I have the following Pyspark dataframe. I need to calculate the 'Coverage' row.
Coverage is calculated in the following way: Take the 'Inventory' value for each day, and 'Coverage' will be the amount of days we can sum 'Shipments' (starting from the next day) without exceeding the 'Inventory' value, for each Material & Plant. So, 'Coverage' would have the following values:
|
Plant |
Material |
Category |
14-06-22 |
15-06-22 |
16-06-22 |
17-06-22 |
18-06-22 |
19-06-22 |
20-06-22 |
21-06-22 |
29-06-22 |
1 |
011 |
1234 |
Shipments |
213 |
122 |
341 |
142 |
93 |
177 |
213 |
187 |
133 |
2 |
011 |
1234 |
Inventory |
1245 |
944 |
1056 |
891 |
995 |
1333 |
1122 |
1289 |
943 |
3 |
011 |
1234 |
Coverage |
6 |
4 |
6 |
5 |
5 |
6 |
5 |
7 |
5 |
4 |
Z21 |
546 |
Shipments |
62 |
133 |
164 |
156 |
128 |
130 |
55 |
159 |
288 |
5 |
Z21 |
546 |
Inventory |
344 |
278 |
284 |
653 |
499 |
766 |
567 |
879 |
654 |
6 |
Z21 |
546 |
Coverage |
2 |
1 |
2 |
4 |
3 |
5 |
3 |
5 |
5 |
In further explanation: For 14-06-22, Plant 011 and Material 1234 has an Inventory of 1245. According to the previous formula, Coverage would be the sum of each day's Shipment values (starting from the next day) until inventory value 1245 is reached. Therefore:
Coverage = amount of Shipment days (122 + 341 +142 +93 + 177 + 213 = 1088) so, we had to sum 6 days in order to get the closest number to Inventory (1245) without exceeding it. Therefore, Coverage for 14-06-22 Plant 011 and Material 1234 will be 6.

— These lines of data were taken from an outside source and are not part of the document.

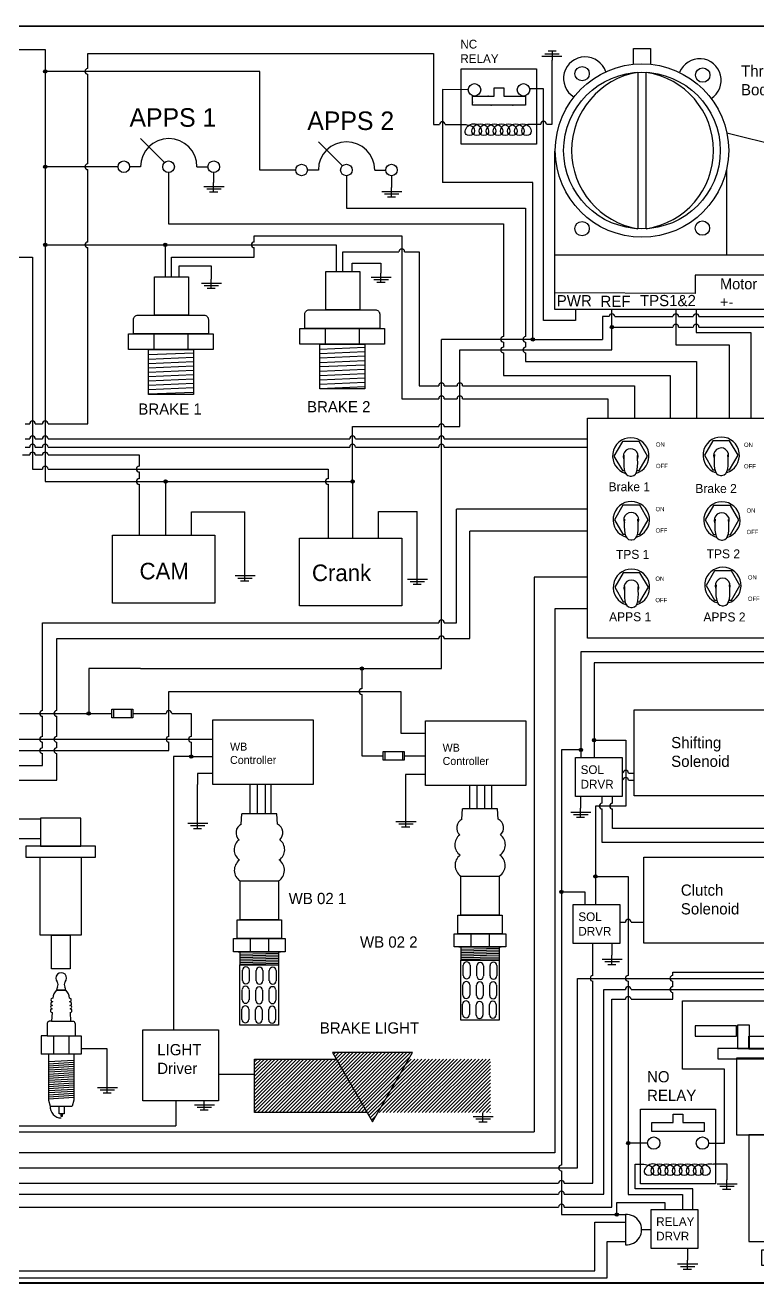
# Model space of a CAD drawing. Header units: inches. Extents: x 0 to 43.3, y -4.5 to 22.4.
# Drawn here: x 15.7 to 28.75, y 0.02 to 22.44 of the extents above; entities that cross this region are included whole.
import ezdxf
from ezdxf.enums import TextEntityAlignment as Align

# ---------------------------------------------------------------- set-up
doc = ezdxf.new("R2010")
doc.units = ezdxf.units.IN
doc.header["$MEASUREMENT"] = 0
for name, color, linetype in [('Analog', 50, 'Continuous'), ('Annotate', 50, 'Continuous'), ('Cockpit', 210, 'Continuous'), ('Digital', 170, 'Continuous'), ('High Current', 150, 'Continuous'), ('Power 12v', 10, 'Continuous'), ('Power 5v', 20, 'Continuous'), ('SYMS', 7, 'Continuous'), ('TITLE', 7, 'Continuous'), ('WIRES', 7, 'Continuous')]:
    doc.layers.add(name, color=color, linetype=linetype)
doc.styles.add('WD', font='romans.shx')

# ---------------------------------------------------------------- blocks, each defined once
blk = doc.blocks.new('Breakout')
blk.add_lwpolyline([(0, 2.995), (2.45, 2.995), (2.45, 0), (0, 0)], close=True)
for points in [[(0.673, 2.281), (0.704, 2.282), (0.818, 2.48), (0.704, 2.679), (0.475, 2.679), (0.36, 2.48), (0.475, 2.282), (0.503, 2.282)], [(1.905, 2.291), (1.935, 2.292), (2.05, 2.49), (1.935, 2.689), (1.706, 2.689), (1.592, 2.49), (1.706, 2.292), (1.734, 2.292)], [(0.681, 1.413), (0.711, 1.414), (0.826, 1.613), (0.711, 1.811), (0.482, 1.811), (0.368, 1.613), (0.482, 1.414), (0.511, 1.414)], [(1.914, 1.409), (1.945, 1.41), (2.059, 1.609), (1.945, 1.807), (1.716, 1.807), (1.601, 1.609), (1.716, 1.41), (1.744, 1.41)], [(0.683, 0.492), (0.713, 0.494), (0.828, 0.692), (0.713, 0.89), (0.484, 0.89), (0.37, 0.692), (0.484, 0.494), (0.512, 0.494)], [(1.927, 0.517), (1.958, 0.518), (2.072, 0.717), (1.958, 0.915), (1.729, 0.915), (1.614, 0.717), (1.729, 0.518), (1.757, 0.519)]]:
    blk.add_lwpolyline(points)
for centre, radius, start, end in [((0.589, 2.481), 0.248, 286.1518, 253.632), ((0.587, 2.478), 0.102, 338.173, 203.081), ((1.82, 2.49), 0.248, 286.1518, 253.632), ((1.819, 2.488), 0.102, 338.173, 203.081), ((0.596, 1.613), 0.248, 286.1518, 253.632), ((1.83, 1.609), 0.248, 286.1518, 253.632), ((0.595, 1.61), 0.102, 338.173, 203.081), ((1.828, 1.606), 0.102, 338.173, 203.081), ((0.598, 0.692), 0.248, 286.1518, 253.632), ((1.843, 0.717), 0.248, 286.1518, 253.632), ((0.597, 0.689), 0.102, 338.173, 203.081), ((1.841, 0.714), 0.102, 338.173, 203.081)]:
    blk.add_arc(centre, radius, start, end)
for points in [[(0.496, 2.49), (0.581, 2.205), (0.597, 2.205), (0.679, 2.488)], [(1.727, 2.5), (1.812, 2.215), (1.828, 2.215), (1.911, 2.498)], [(0.503, 1.622), (0.589, 1.337), (0.604, 1.337), (0.687, 1.62)], [(1.736, 1.618), (1.822, 1.333), (1.837, 1.333), (1.92, 1.616)], [(0.505, 0.701), (0.59, 0.416), (0.606, 0.416), (0.689, 0.7)], [(1.75, 0.726), (1.835, 0.441), (1.851, 0.441), (1.933, 0.724)]]:
    blk.add_spline(points, degree=3)
at = {"layer": 'Annotate', "attachment_point": 1}
for s, width, insert, char_height in [('ON\\P\\P^JOFF', 1.89478, (0.931, 2.666), 0.0584), ('ON\\P\\P^JOFF', 0.51151, (2.13, 2.663), 0.0584), ('Brake 1', 2.52245, (0.287, 2.123), 0.1224), ('Brake 2', 1.17289, (1.468, 2.099), 0.1224), ('ON\\P\\P^JOFF', 6.71642, (0.926, 1.787), 0.0584), ('ON\\P\\P^JOFF', 6.71642, (2.165, 1.767), 0.0584), ('TPS 1', 6.76963, (0.387, 1.202), 0.1224), ('TPS 2', 6.76963, (1.622, 1.209), 0.1224), ('ON\\P\\P^JOFF', 6.71642, (2.183, 0.857), 0.0584), ('ON\\P\\P^JOFF', 6.71642, (0.924, 0.839), 0.0584), ('APPS 1', 6.76963, (0.294, 0.352), 0.1224), ('APPS 2', 6.76963, (1.578, 0.349), 0.1224)]:
    blk.add_mtext_dynamic_manual_height_columns(s, width=width, gutter_width=1, heights=[0], dxfattribs=dict(at, insert=insert, char_height=char_height))
blk = doc.blocks.new('APPS1')
at = {"layer": 'Cockpit'}
for p, q in [((0.829, 0.075), (0.402, 0.502)), ((0.402, 0), (0.207, 0)), ((1.405, 0), (1.6, 0))]:
    blk.add_line(p, q, dxfattribs=at)
for centre in [(0.103, 0), (0.9, 0), (1.704, 0)]:
    blk.add_circle(centre, 0.103, dxfattribs=at)
blk.add_arc((0.903, 0), 0.502, 0, 180, dxfattribs=at)
at = {"layer": 'Annotate', "insert": (0.204, 1.043), "char_height": 0.3303, "attachment_point": 1}
blk.add_mtext_dynamic_manual_height_columns('APPS 1', width=2.54812, gutter_width=1, heights=[0], dxfattribs=at)
blk = doc.blocks.new('APPS2')
at = {"layer": 'Cockpit'}
for p, q in [((0.829, 0.075), (0.402, 0.502)), ((0.402, 0), (0.207, 0)), ((1.405, 0), (1.6, 0))]:
    blk.add_line(p, q, dxfattribs=at)
for centre in [(0.103, 0), (0.9, 0), (1.704, 0)]:
    blk.add_circle(centre, 0.103, dxfattribs=at)
blk.add_arc((0.903, 0), 0.502, 0, 180, dxfattribs=at)
at = {"layer": 'Annotate', "insert": (0.204, 1.043), "char_height": 0.3303, "attachment_point": 1}
blk.add_mtext_dynamic_manual_height_columns('APPS 2', width=2.54812, gutter_width=1, heights=[0], dxfattribs=at)
blk = doc.blocks.new('Coilonplub')
for p, q in [((0.083, 2.277), (-0.087, 2.277)), ((-0.077, 2.277), (0.092, 2.277)), ((-0.159, 1.878), (-0.167, 1.721)), ((0.164, 1.878), (0.172, 1.721)), ((-0.246, 1.684), (-0.246, 1.461)), ((-0.167, 1.721), (-0.209, 1.721)), ((-0.167, 1.721), (0.172, 1.721)), ((0.172, 1.721), (0.215, 1.721)), ((0.252, 1.684), (0.252, 1.461)), ((-0.246, 1.461), (-0.353, 1.461)), ((-0.353, 1.461), (-0.353, 1.136)), ((-0.246, 1.461), (0.252, 1.461)), ((-0.133, 1.461), (-0.133, 1.136)), ((0.139, 1.461), (0.139, 1.136)), ((0.252, 1.461), (0.358, 1.461)), ((0.358, 1.461), (0.358, 1.136)), ((0.358, 1.136), (-0.353, 1.136)), ((-0.221, 1.136), (-0.221, 0.317)), ((0.226, 1.136), (0.226, 0.317)), ((-0.221, 1.003), (0.226, 1.03)), ((-0.221, 0.966), (0.226, 0.994)), ((-0.221, 0.929), (0.226, 0.957)), ((-0.221, 0.893), (0.226, 0.92)), ((-0.221, 0.856), (0.226, 0.883)), ((-0.221, 0.819), (0.226, 0.846)), ((-0.221, 0.782), (0.226, 0.809)), ((-0.221, 0.745), (0.226, 0.773)), ((-0.221, 0.708), (0.226, 0.736)), ((-0.221, 0.672), (0.226, 0.699)), ((-0.221, 0.635), (0.226, 0.662)), ((-0.221, 0.598), (0.226, 0.625)), ((-0.221, 0.561), (0.226, 0.588)), ((-0.221, 0.524), (0.226, 0.552)), ((-0.221, 0.487), (0.226, 0.515)), ((-0.221, 0.451), (0.226, 0.478)), ((-0.221, 0.414), (0.226, 0.441)), ((-0.221, 0.377), (0.226, 0.404)), ((-0.221, 0.34), (0.226, 0.367)), ((-0.221, 0.317), (-0.191, 0.212)), ((0.226, 0.317), (0.196, 0.212)), ((-0.191, 0.212), (0.196, 0.212)), ((-0.034, 0.071), (-0.034, 0.212)), ((0.059, 0.071), (-0.034, 0.071)), ((-0.001, 0.071), (-0.001, 0.034)), ((-0.001, 0.034), (0.025, 0.034)), ((0.025, 0.034), (0.025, 0.071)), ((0.059, 0.212), (0.059, 0.071))]:
    blk.add_line(p, q)
for points in [[(-0.855, 4.973), (-0.855, 5.328), (-0.365, 5.328), (-0.365, 4.973)], [(-0.365, 4.844), (0.356, 4.844), (0.356, 5.339), (-0.365, 5.339)], [(-0.626, 4.645), (0.616, 4.645), (0.616, 4.844), (-0.626, 4.844)], [(0.359, 4.645), (0.359, 3.254), (-0.369, 3.254), (-0.369, 4.645)], [(0.161, 3.254), (0.161, 2.655), (-0.171, 2.655), (-0.171, 3.254)]]:
    blk.add_lwpolyline(points, close=True)
for centre, radius, start, end in [((0.003, 2.491), 0.0968, 315.4572, 224.5431), ((0.003, 2.491), 0.0968, 315.4576, 224.5424), ((0.054, 2.129), 0.198, 131.5526, 178.85), ((0.034, 2.275), 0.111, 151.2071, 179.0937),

This applies to all coverage values. When we reach the end of the column days and we still haven't reached the Inventory Value, we continue summing from the first day. Example:
Date 19-06-22, Plant Z21 and Material 546 has an Inventory of 766. The Coverage formula would be:
Coverage = amount of Shipment days ( 55 + 159 + 288 + 62 + 133 = 697) so, we had to sum 5 days in order to get the closest number to Inventory (766) without exceeding it. Therefore, Coverage for 19-06-22, Plant Z21 and Material 546 will be 5.
How can I actually perform this formula iterating over each column & row using pyspark/sql ? I am using a Databricks notebook.